In a recent interview, Rain, who is the founder and managing director of the China Market Research Group (CMR) and the author of the book "Separation: Finding Opportunities in China's Economy in a New World Order," explains why current Western assessments of the Chinese economy do not reflect reality. He points out that many experts referenced by politicians and businesses left China in 2015-2016 and continue to view it as they did a decade ago. This leads to decisions being made based on outdated perspectives.

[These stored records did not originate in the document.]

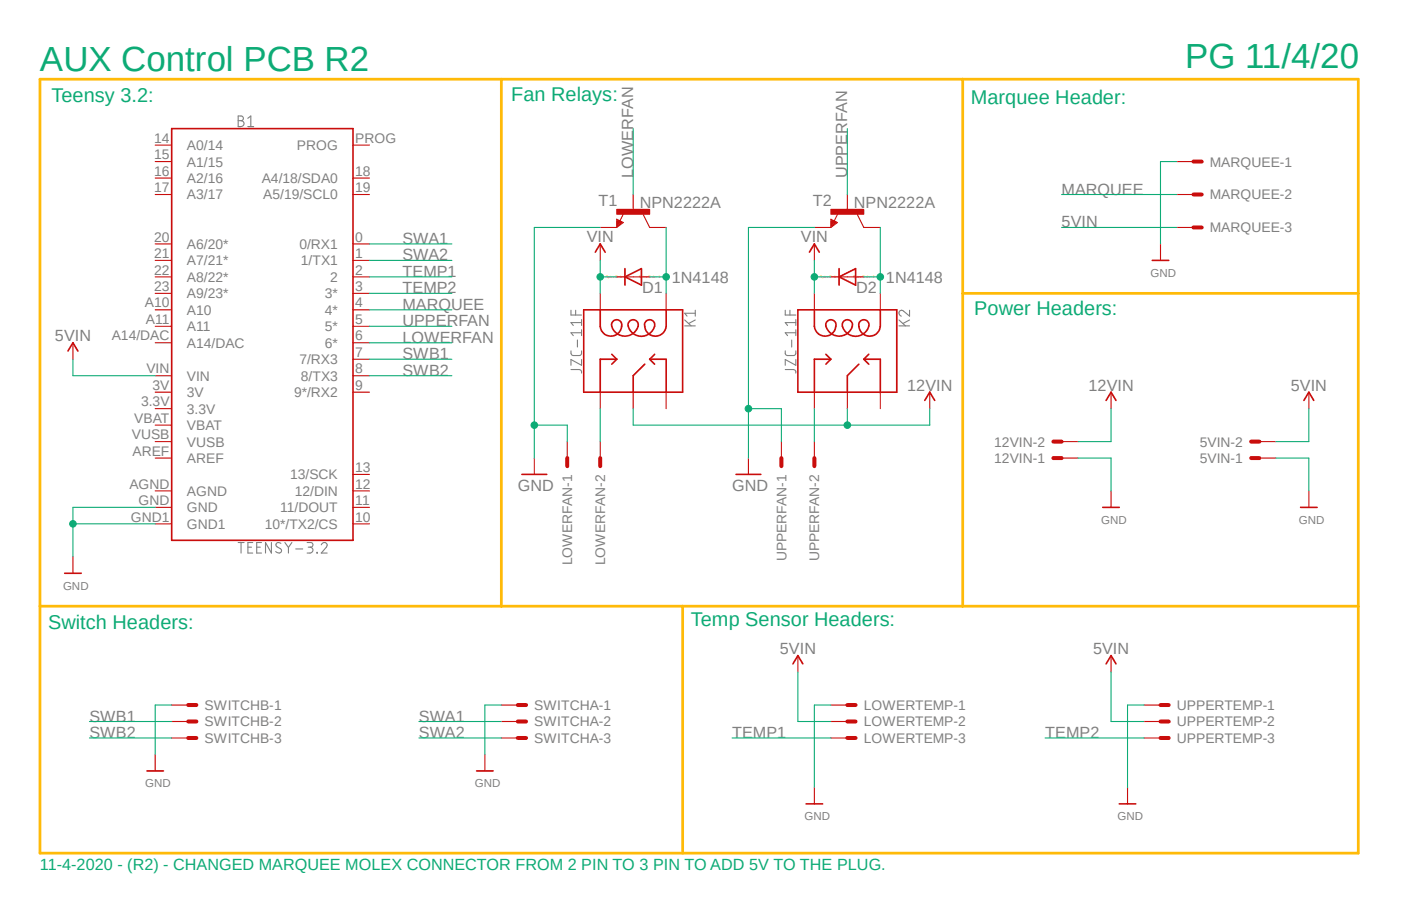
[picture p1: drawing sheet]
<svg xmlns="http://www.w3.org/2000/svg" width="432mm" height="279mm" viewBox="0 0 432 279" stroke-linecap="round" stroke-linejoin="round" font-family="sans-serif">
<path d="M9.7 9.9l412.4 259.6M422.1 9.9l-412.4 259.6" fill="none" stroke="#fff" stroke-width=".31"/>
<g fill="none" stroke="#808080" stroke-width=".34">
<path d="M73.4 35.8h.9a.72 .72 0 0 1 .7 .7 .72 .72 0 0 1-.7 .7 .91 .91 0 0 1 .9 .9 .91 .91 0 0 1-.9 .9h-.9zM73.4 37.2h.9M76.4 39h1.8M76.4 36.5l.9-.7v3.2M176 95.7v1.5h3.2M177.4 95.7v1.5M179.2 99.5h-3.2l.7 .9M179.2 98.6v1.8M211 98.7l2 1.8M214.3 98.7l-2 1M214.3 96.6h-3.3l.8 .9M214.3 95.7v1.8"/>
<path d="M242 95.7v1.5h3.3M243.5 95.7v1.5M245.3 98.6v1.8M245.3 99.5h-3.3l.7 .9M277.1 98.7l2 1.8M280.3 95.7v1.8l-1.8-1.5a.89 .89 0 0 0-1.4 .2 .89 .89 0 0 0 .7 1.3M280.3 98.7l-2 1M176 114h2.8l.4 .4v.7M176 108.2l.1 1 .6 .4h2.1l.4-.4v-1M178 104.9v2.1M179.2 102.6h-3.2l.7 .9M179.2 101.7v1.8"/>
<path d="M179.2 110.9v1.7l-3.2-1.7v1.7M211 100.5h3.3M242 114h2.8l.4 .4 .1 .7M242 108.2l.1 1 .6 .4h2.1l.4-.4 .1-1M244 104.9v2.1M245.3 101.7v1.8M245.3 110.9v1.7l-3.3-1.7v1.7M245.3 102.6h-3.3l.7 .9M277.1 100.5h3.2M73.4 167.3h1.8M74.3 167.3v3.3M76.4 168.7h1.1"/>
<path d="M77.9 167.3h-1.5v3.3h1.5M79.1 168.7h1.1M80.6 167.3h-1.5v3.3h1.5M83.7 167.3v3.3l-1.9-3.3v3.3M86.6 167.6a.85 .85 0 0 0-1.1-.3 .85 .85 0 0 0-.4 1l1.3 .9a.74 .74 0 0 1 .2 1 .74 .74 0 0 1-1 .3l-.6-.4M87.8 167.3l1.1 1.5M88.9 168.8v1.8M90 167.3l-1.1 1.5M91.1 169.3h2.2M94.7 167.3h1.1a.72 .72 0 0 1 .7 .7 .72 .72 0 0 1-.7 .7h-.8M95.5 168.7a.91 .91 0 0 1 1 1 .91 .91 0 0 1-1 .9h-.8M97.7 170.3l.1 .3z"/>
<path d="M99 168a.9 .9 0 0 1 1.3-.7 .9 .9 0 0 1 .3 1.4l-1.6 1.9h1.8"/>
</g>
<path d="M256.1 67.6l2 1-2 1.5zM258.3 65.7l-1.2 2.5M264.2 66.1l2 4" fill="none" stroke="#c90d0c" stroke-width=".34"/>
<path d="M256.3 68.1v1.5l1.3-1-1-.5v.8l.5-.3" fill="none" stroke="#c90d0c" stroke-width=".51"/>
<path d="M256.1 64.6h10.1v1.5h-10.1z" fill-rule="evenodd" fill="#c90d0c"/>
<path d="M256.1 64.6h10.1v1.5h-10.1z" fill="none" stroke="#c90d0c" stroke-width=".31"/>
<g fill="none" stroke="#c90d0c" stroke-width=".34">
<path d="M47.8 44.7h5.1M47.8 49.8h5.1M47.8 54.9h5.1M47.8 60h5.1M108.8 44.7h5.1M108.8 54.9h5.1M108.8 60h5.1M261.2 60v5.1M47.8 75.2h5.1M108.8 75.2h5.1M190.1 67.6l2 1-2 1.5zM192.3 65.7l-1.2 2.5"/>
<path d="M198.2 66.1l2 4M251 70.1h5.1M251 75.2v5.1M266.2 70.1h5.1M47.8 85.4h5.1M47.8 80.3h5.1M47.8 90.5h5.1M47.8 95.5h5.1M108.8 85.4h5.1M108.8 80.3h5.1M108.8 90.5h5.1M108.8 95.5h5.1"/>
<path d="M251 90.5v5M256.1 85.4h10.1M271.3 90.5v5M22.5 105.7v5.1M47.8 115.9h5.1M47.8 100.6h5.1M47.8 105.7h5.1M108.8 115.9h5.1M108.8 100.6h5.1M108.8 105.7h5.1M108.8 110.8h5.1M47.8 131.1h5.1"/>
<path d="M47.8 126h5.1M47.8 120.9h5.1M47.8 136.2h5.1M108.8 120.9h5.1M174.8 136.2v5.1M185 136.2v5.1M240.8 136.2v5.1M251 120.9v5.1M251 136.2v5.1M261.2 120.9v5.1M271.3 120.9v5.1M403.4 120.9v5.1"/>
<path d="M47.8 156.5h5.1M47.8 151.4h5.1M47.8 141.3h5.1M108.8 156.5h5.1M108.8 151.4h5.1M108.8 146.3h5.1M230.7 141.3v5M403.4 151.4v5.1M22.5 171.7v5.1M47.8 161.5h5.1M108.8 161.5h5.1M342.4 202.2v5.1"/>
<path d="M352.6 217.4h5.1M149.4 232.7v5M352.6 222.5h5.1M352.6 227.6h5.1M347.5 242.8v5.1"/>
</g>
<g fill="none" stroke="#c90d0c" stroke-width=".51">
<path d="M52.9 39.7h55.9v126.9h-55.9zM190.3 68.1v1.5l1.3-1-1-.5v.8l.5-.3M249.5 77.8l1.5-2.6 1.5 2.6M245.9 95.5h30.5v25.4h-30.5zM251 95.5v5.1a3.3 3.3 0 0 0 4 3 3.3 3.3 0 0 0 2.3-4.4 1.64 1.64 0 0 0-2.3-.2 1.64 1.64 0 0 0-.2 2.3 4.1 4.1 0 0 0 4.6 2.3 4.1 4.1 0 0 0 3.3-3.9 1.64 1.64 0 0 0-2.4-.8 1.64 1.64 0 0 0-.4 2.4 4.1 4.1 0 0 0 4.6 2.3 4.1 4.1 0 0 0 3.3-3.9 1.6 1.6 0 0 0-2-1 1.6 1.6 0 0 0-1.1 1.9 3.3 3.3 0 0 0 3.3 3.1 3.3 3.3 0 0 0 3.3-3.1v-5.1M258.6 85.4l5.1-2.6v5.1zM258.6 82.8v5.1M21 108.2l1.5-2.5 1.5 2.5M254.6 109.3l1.5 1.5M256.1 110.8h-5.1v10.1M256.1 110.8l-1.5 1.5M264.7 112.3l-3.5 3.6v5"/>
<path d="M266.2 110.8h5.1v10.1M266.2 110.8l1.6 1.5M267.8 109.3l-1.6 1.5M401.9 123.5l1.5-2.6 1.5 2.6M226.9 146.3h7.6M400.9 156.5h5M19.9 176.8h5.1M340.9 204.7l1.5-2.5 1.6 2.5M146.9 237.7h5.1M345 247.9h5.1"/>
</g>
<path d="M174.8 141.3v2.5M185 141.3v2.5M240.8 141.3v2.5M251 141.3v2.5M357.7 217.4h2.5M357.7 222.5h2.5M357.7 227.6h2.5" fill="none" stroke="#c90d0c" stroke-width="1.2"/>
<path d="M190.1 64.6h10.1v1.5h-10.1z" fill-rule="evenodd" fill="#c90d0c"/>
<path d="M190.1 64.6h10.1v1.5h-10.1z" fill="none" stroke="#c90d0c" stroke-width=".31"/>
<g fill="none" stroke="#c90d0c" stroke-width=".34">
<path d="M195.2 60v5.1M362.8 49.8h5M362.8 60h5M185 70.1h5.1M185 75.2v5.1M200.2 70.1h5.1M357.7 75.2v5.1M362.8 70.1h5M185 90.5v5M190.1 85.4h10.1M205.3 90.5v5M185 120.9v5.1"/>
<path d="M195.2 120.9v5.1M205.3 120.9v5.1M286.6 120.9v5.1M327.2 136.2h5.1M342.4 120.9v5.1M388.2 136.2h5M164.7 141.3v5M327.2 141.3h5.1M342.4 151.4v5.1M388.2 141.3h5M52.9 217.4h5.1M154.5 217.4h5.1"/>
<path d="M245.9 202.2v5.1M256.1 217.4h5.1M47.8 232.7v5M52.9 222.5h5.1M52.9 227.6h5.1M154.5 222.5h5.1M154.5 227.6h5.1M256.1 222.5h5.1M256.1 227.6h5.1M251 242.8v5.1"/>
</g>
<g fill="none" stroke="#c90d0c" stroke-width=".51">
<path d="M183.5 77.8l1.5-2.6 1.5 2.6M179.9 95.5h30.5v25.4h-30.5zM185 95.5v5.1a3.3 3.3 0 0 0 4 3 3.3 3.3 0 0 0 2.3-4.4 1.65 1.65 0 0 0-2.3-.2 1.65 1.65 0 0 0-.2 2.3 4.2 4.2 0 0 0 4.4 2.3 4.2 4.2 0 0 0 3.5-3.5 1.63 1.63 0 0 0-2.3-1.3 1.63 1.63 0 0 0-.5 2.5 4.2 4.2 0 0 0 4.4 2.4 4.2 4.2 0 0 0 3.5-3.6 1.58 1.58 0 0 0-1.8-1.5 1.58 1.58 0 0 0-1.3 2 3.3 3.3 0 0 0 3.3 3.1 3.3 3.3 0 0 0 3.3-3.1v-5.1M192.6 85.4l5.1-2.6v5.1zM192.6 82.8v5.1M355.1 80.3h5.1M188.6 109.3l1.5 1.5M190.1 110.8h-5.1v10.1M190.1 110.8l-1.5 1.5M198.7 112.3l-3.5 3.6v5M200.2 110.8h5.1v10.1M200.2 110.8l1.6 1.5"/>
<path d="M201.8 109.3l-1.6 1.5M285 123.5l1.6-2.6 1.5 2.6M340.9 123.5l1.5-2.6 1.6 2.6M160.9 146.3h7.6M339.9 156.5h5.1M244.4 204.7l1.5-2.5 1.5 2.5M45.3 237.7h5.1M248.5 247.9h5"/>
</g>
<g fill="none" stroke="#c90d0c" stroke-width="1.2">
<path d="M367.8 49.8h2.6M367.8 60h2.6M367.8 70.1h2.6M324.7 136.2h2.5M385.6 136.2h2.6M324.7 141.3h2.5M385.6 141.3h2.6M58 217.4h2.5M159.6 217.4h2.5M261.2 217.4h2.5M58 222.5h2.5M58 227.6h2.5"/>
<path d="M159.6 222.5h2.5M159.6 227.6h2.5M261.2 222.5h2.5M261.2 227.6h2.5"/>
</g>
<path d="M251 70.1h-20.3v71.2M230.7 126h10.1v10.2" fill="none" stroke="#0dab76" stroke-width=".34"/>
<circle cx="230.7" cy="126" r="1.01" fill="#0dab76"/>
<circle cx="230.7" cy="126" r="1.01" fill="none" stroke="#0dab76" stroke-width=".31"/>
<path d="M47.8 156.5h-25.3v15.2M393.2 141.3h10.2v10.1M22.5 161.5h25.3" fill="none" stroke="#0dab76" stroke-width=".34"/>
<circle cx="22.5" cy="161.5" r="1.01" fill="#0dab76"/>
<circle cx="22.5" cy="161.5" r="1.01" fill="none" stroke="#0dab76" stroke-width=".31"/>
<path d="M185 70.1h-20.3v71.2M164.7 131.1h10.1v5.1" fill="none" stroke="#0dab76" stroke-width=".34"/>
<circle cx="164.7" cy="131.1" r="1.01" fill="#0dab76"/>
<circle cx="164.7" cy="131.1" r="1.01" fill="none" stroke="#0dab76" stroke-width=".31"/>
<path d="M195.2 39.7v20.3M362.8 49.8h-5.1v25.4M271.3 70.1v20.4M266.2 85.4h5.1M113.9 105.7h25.4M332.3 141.3h10.1v10.1M52.9 217.4h-5.1v15.3M154.5 217.4h-5.1v15.3M256.1 217.4h-5.1v25.4M352.6 217.4h-5.1v25.4" fill="none" stroke="#0dab76" stroke-width=".34"/>
<circle cx="271.3" cy="85.4" r="1.01" fill="#0dab76"/>
<circle cx="271.3" cy="85.4" r="1.01" fill="none" stroke="#0dab76" stroke-width=".31"/>
<path d="M205.3 70.1v20.4M200.2 85.4h5.1" fill="none" stroke="#0dab76" stroke-width=".34"/>
<circle cx="205.3" cy="85.4" r="1.01" fill="#0dab76"/>
<circle cx="205.3" cy="85.4" r="1.01" fill="none" stroke="#0dab76" stroke-width=".31"/>
<path d="M261.2 39.7v20.3M113.9 90.5h25.4M113.9 85.4h25.4M113.9 100.6h25.4M195.2 126v5.1h91.4M261.2 126v5.1M342.4 126v10.2h-10.1M225.6 227.6h30.5M322.1 227.6h30.5" fill="none" stroke="#0dab76" stroke-width=".34"/>
<circle cx="261.2" cy="131.1" r="1.01" fill="#0dab76"/>
<circle cx="261.2" cy="131.1" r="1.01" fill="none" stroke="#0dab76" stroke-width=".31"/>
<path d="M251 80.3v10.2M251 85.4h5.1M22.5 110.8v5.1h25.3M286.6 126v5.1M403.4 126v10.2h-10.2" fill="none" stroke="#0dab76" stroke-width=".34"/>
<circle cx="251" cy="85.4" r="1.01" fill="#0dab76"/>
<circle cx="251" cy="85.4" r="1.01" fill="none" stroke="#0dab76" stroke-width=".31"/>
<path d="M185 80.3v10.2M185 85.4h5.1" fill="none" stroke="#0dab76" stroke-width=".34"/>
<circle cx="185" cy="85.4" r="1.01" fill="#0dab76"/>
<circle cx="185" cy="85.4" r="1.01" fill="none" stroke="#0dab76" stroke-width=".31"/>
<g fill="none" stroke="#0dab76" stroke-width=".34">
<path d="M327.2 60h35.6M113.9 75.2h25.4M327.2 70.1h35.6M113.9 95.5h25.4M113.9 80.3h25.4M113.9 110.8h25.4M113.9 115.9h25.4M185 126v10.2M251 126v10.2M245.9 207.3v15.2h10.2M342.4 207.3v15.2h10.2M27.6 222.5h25.3"/>
<path d="M27.6 227.6h25.3M129.1 222.5h25.4M129.1 227.6h25.4"/>
</g>
<path d="M12.3 24.4h406.3v238.7h-406.3zM154.5 24.4v162.5M296.7 24.4v162.5M296.7 90.5h121.9M12.3 186.9h406.3M210.4 186.9v76.2" fill="none" stroke="#ffba08" stroke-width=".85"/>
<g font-size="10.8" fill="#0dab76">
<text x="12.3" y="21.9">AUX Control PCB R2</text>
<text x="365.3" y="20.9">PG 11/4/20</text>
</g>
<g font-size="6.1" fill="#0dab76">
<text x="15.9" y="31.5">Teensy 3.2:</text>
<text x="157.6" y="31">Fan Relays:</text>
<text x="299.3" y="32">Marquee Header:</text>
<text x="300.3" y="97.1">Power Headers:</text>
<text x="14.9" y="194.1">Switch Headers:</text>
<text x="212.9" y="193">Temp Sensor Headers:</text>
</g>
<g font-size="5" fill="#808080">
<text x="195.2" y="54.9" transform="rotate(-90 195.2 54.9)">LOWERFAN</text>
<text x="261.2" y="54.9" transform="rotate(-90 261.2 54.9)">UPPERFAN</text>
<text x="327.2" y="60">MARQUEE</text>
<text x="184.5" y="63.5">T1</text>
<text x="197.2" y="64.1">NPN2222A</text>
<text x="250.5" y="63.5">T2</text>
<text x="263.2" y="64.1">NPN2222A</text>
<text x="327.2" y="70.1">5VIN</text>
<text x="124" y="75.2">SWA1</text>
<text x="180.8" y="74.7">VIN</text>
<text x="246.8" y="74.7">VIN</text>
<text x="124" y="80.3">SWA2</text>
<text x="124" y="85.4">TEMP1</text>
<text x="207.1" y="87.4">1N4148</text>
<text x="273.1" y="87.4">1N4148</text>
<text x="124" y="90.5">TEMP2</text>
<text x="124" y="95.5">MARQUEE</text>
<text x="197.9" y="90.4">D1</text>
<text x="263.9" y="90.4">D2</text>
<text x="124" y="100.6">UPPERFAN</text>
<text x="16.9" y="105.2">5VIN</text>
<text x="124" y="105.7">LOWERFAN</text>
<text x="124" y="110.8">SWB1</text>
<text x="124" y="115.9">SWB2</text>
<text x="279.6" y="120.4">12VIN</text>
<text x="335.5" y="120.4">12VIN</text>
<text x="397.8" y="120.4">5VIN</text>
<text x="159.6" y="151.4">GND</text>
<text x="225.6" y="151.4">GND</text>
<text x="240.4" y="201.7">5VIN</text>
<text x="336.9" y="201.7">5VIN</text>
<text x="27.6" y="222.5">SWB1</text>
<text x="27.6" y="227.6">SWB2</text>
<text x="129.1" y="222.5">SWA1</text>
<text x="129.1" y="227.6">SWA2</text>
<text x="225.6" y="227.6">TEMP1</text>
<text x="322.1" y="227.6">TEMP2</text>
</g>
<text font-size="5" fill="#0dab76" x="12.3" y="268.2">11-4-2020 - (R2) - CHANGED MARQUEE MOLEX CONNECTOR FROM 2 PIN TO 3 PIN TO ADD 5V TO THE PLUG.</text>
<g font-size="4.3" fill="#808080">
<text x="47.5" y="44.1">14</text>
<text x="57.6" y="46.3">A0/14</text>
<text x="91.5" y="46.3">PROG</text>
<text x="109.5" y="44.1">PROG</text>
<text x="47.5" y="49.1">15</text>
<text x="57.6" y="51.3">A1/15</text>
<text x="372.9" y="51.3">MARQUEE-1</text>
<text x="47.5" y="54.2">16</text>
<text x="47.5" y="59.3">17</text>
<text x="57.6" y="56.4">A2/16</text>
<text x="80.7" y="56.4">A4/18/SDA0</text>
<text x="109.5" y="54.2">18</text>
<text x="109.5" y="59.3">19</text>
<text x="57.6" y="61.5">A3/17</text>
<text x="81.2" y="61.5">A5/19/SCL0</text>
<text x="372.9" y="61.5">MARQUEE-2</text>
<text x="372.9" y="71.7">MARQUEE-3</text>
<text x="47.5" y="74.5">20</text>
<text x="57.6" y="76.8">A6/20*</text>
<text x="92.3" y="76.8">0/RX1</text>
<text x="109.5" y="74.5">0</text>
<text x="47.5" y="79.6">21</text>
<text x="57.6" y="81.8">A7/21*</text>
<text x="92.8" y="81.8">1/TX1</text>
<text x="109.5" y="79.6">1</text>
<text x="47.5" y="84.7">22</text>
<text x="47.5" y="89.7">23</text>
<text x="57.6" y="86.9">A8/22*</text>
<text x="101.8" y="86.9">2</text>
<text x="109.5" y="89.7">3</text>
<text x="109.5" y="84.7">2</text>
<text x="44.7" y="94.8">A10</text>
<text x="57.6" y="92">A9/23*</text>
<text x="100.1" y="92">3*</text>
<text x="109.5" y="94.8">4</text>
<text x="45" y="99.9">A11</text>
<text x="57.6" y="97.1">A10</text>
<text x="100.1" y="97.1">4*</text>
<text x="109.5" y="99.9">5</text>
<text x="34.5" y="105">A14/DAC</text>
<text x="57.6" y="102.1">A11</text>
<text x="57.6" y="107.2">A14/DAC</text>
<text x="100.1" y="107.2">6*</text>
<text x="100.1" y="102.1">5*</text>
<text x="109.5" y="105">6</text>
<text x="92.3" y="112.3">7/RX3</text>
<text x="109.5" y="110.1">7</text>
<text x="45.1" y="115.1">VIN</text>
<text x="57.6" y="117.4">VIN</text>
<text x="92.8" y="117.4">8/TX3</text>
<text x="109.5" y="115.1">8</text>
<text x="43.5" y="125.3">3.3V</text>
<text x="47" y="120.2">3V</text>
<text x="57.6" y="122.5">3V</text>
<text x="90.6" y="122.5">9*/RX2</text>
<text x="109.5" y="120.2">9</text>
<text x="41.4" y="130.4">VBAT</text>
<text x="57.6" y="127.5">3.3V</text>
<text x="40.6" y="135.5">VUSB</text>
<text x="57.6" y="132.6">VBAT</text>
<text x="57.6" y="137.7">VUSB</text>
<text x="306.4" y="137.7">12VIN-2</text>
<text x="369.8" y="137.7">5VIN-2</text>
<text x="40.9" y="140.5">AREF</text>
<text x="57.6" y="142.8">AREF</text>
<text x="306.4" y="142.8">12VIN-1</text>
<text x="369.8" y="142.8">5VIN-1</text>
<text x="89.5" y="147.9">13/SCK</text>
<text x="109.5" y="145.6">13</text>
<text x="39.9" y="150.7">AGND</text>
<text x="42.7" y="155.8">GND</text>
<text x="57.6" y="152.9">AGND</text>
<text x="90.8" y="152.9">12/DIN</text>
<text x="109.5" y="155.8">11</text>
<text x="109.5" y="150.7">12</text>
<text x="40.3" y="160.9">GND1</text>
<text x="57.6" y="158">GND</text>
<text x="86.4" y="158">11/DOUT</text>
<text x="109.5" y="160.9">10</text>
<text x="57.6" y="163.1">GND1</text>
<text x="81.6" y="163.1">10*/TX2/CS</text>
<text x="242.4" y="173.1" transform="rotate(-90 242.4 173.1)">UPPERFAN-1</text>
<text x="252.5" y="173.1" transform="rotate(-90 252.5 173.1)">UPPERFAN-2</text>
<text x="176.4" y="174.3" transform="rotate(-90 176.4 174.3)">LOWERFAN-1</text>
<text x="186.5" y="174.3" transform="rotate(-90 186.5 174.3)">LOWERFAN-2</text>
<text x="63.1" y="218.9">SWITCHB-1</text>
<text x="164.7" y="218.9">SWITCHA-1</text>
<text x="266.2" y="218.9">LOWERTEMP-1</text>
<text x="362.8" y="218.9">UPPERTEMP-1</text>
<text x="63.1" y="224">SWITCHB-2</text>
<text x="164.7" y="224">SWITCHA-2</text>
<text x="266.2" y="224">LOWERTEMP-2</text>
<text x="362.8" y="224">UPPERTEMP-2</text>
<text x="63.1" y="229.1">SWITCHB-3</text>
<text x="164.7" y="229.1">SWITCHA-3</text>
<text x="266.2" y="229.1">LOWERTEMP-3</text>
<text x="362.8" y="229.1">UPPERTEMP-3</text>
</g>
<g font-size="3.6" fill="#808080">
<text x="354.6" y="85.4">GND</text>
<text x="339.4" y="161.5">GND</text>
<text x="400.4" y="161.5">GND</text>
<text x="19.4" y="181.9">GND</text>
<text x="44.8" y="242.8">GND</text>
<text x="146.4" y="242.8">GND</text>
<text x="247.9" y="253">GND</text>
<text x="344.5" y="253">GND</text>
</g>
<g font-size="1.1" fill="#ffba08">
<text x="186.7" y="85.8">SpiceOrder 2</text>
<text x="196.9" y="85.8">SpiceOrder 1</text>
<text x="252.7" y="85.8">SpiceOrder 2</text>
<text x="262.9" y="85.8">SpiceOrder 1</text>
</g>
</svg>

Rain acknowledges that there are problems in the Chinese economy, such as a downturn in the real estate market, where prices have fallen by 30-40%, and sales volumes remain low. However, he emphasizes that this is not a financial crisis in the Western sense: mortgage loans are not "underwater," and buyers in China historically put down a significant portion of the housing cost upfront. The real issue is that people have become more cautious, have stopped spending money, and are losing confidence, which in turn reflects on youth sentiments and the reluctance to start families, creating long-term demographic risks.

Nevertheless, Rain stresses that the situation in the Chinese economy is not as critical as it is portrayed in the West. The country has significant household savings, and its stock markets were among the fastest-growing in the world last year. He argues that the main problem lies not in a lack of funds but in the level of anxiety.

Regarding technological progress, Rain insists that the notion of China as a copycat country is no longer relevant. He points to new companies like DeepSeek, as well as the successes of Alibaba and Baidu, which, according to him, have surprised even those American experts who claimed that China was years behind the U.S. Rain believes that China is creating its own innovative ecosystem and is already catching up with, and sometimes even surpassing, the U.S. in certain areas.

In light of American sanctions, he says, China has bet on self-sufficiency by developing semiconductor manufacturing and growing its own meat, fruits, and soybeans. This is due to concerns that the U.S. may apply similar measures to China as it did to Russia or Iran. Rain emphasizes that it is external pressure that has accelerated China’s shift to its own technological base.

He provides examples from the automotive industry, where Western manufacturers missed the opportunity to capitalize on the rapid growth of Chinese electric vehicles. According to Rain, BYD is already perceived as a premium brand in many Asian countries, while Western companies have failed to notice the changes. He reminds us that subsidies are not only received by Chinese manufacturers: without government support, neither Tesla nor many American tech companies would exist.

Evaluating the trade war between the U.S. and China, Rain calls it unsuccessful. He notes that China's exports to the U.S. account for only 2-2.5% of GDP, and many goods can be produced domestically or sourced from other countries. Therefore, in his view, tariffs have impacted American consumers more than Chinese industry.

Rain emphasizes that while China will not return to the growth rates characteristic of the 2010s, the current situation is stable and manageable. He believes that the country has overcome some of the negative consequences of the sanctions, and entrepreneurial activity is beginning to recover again.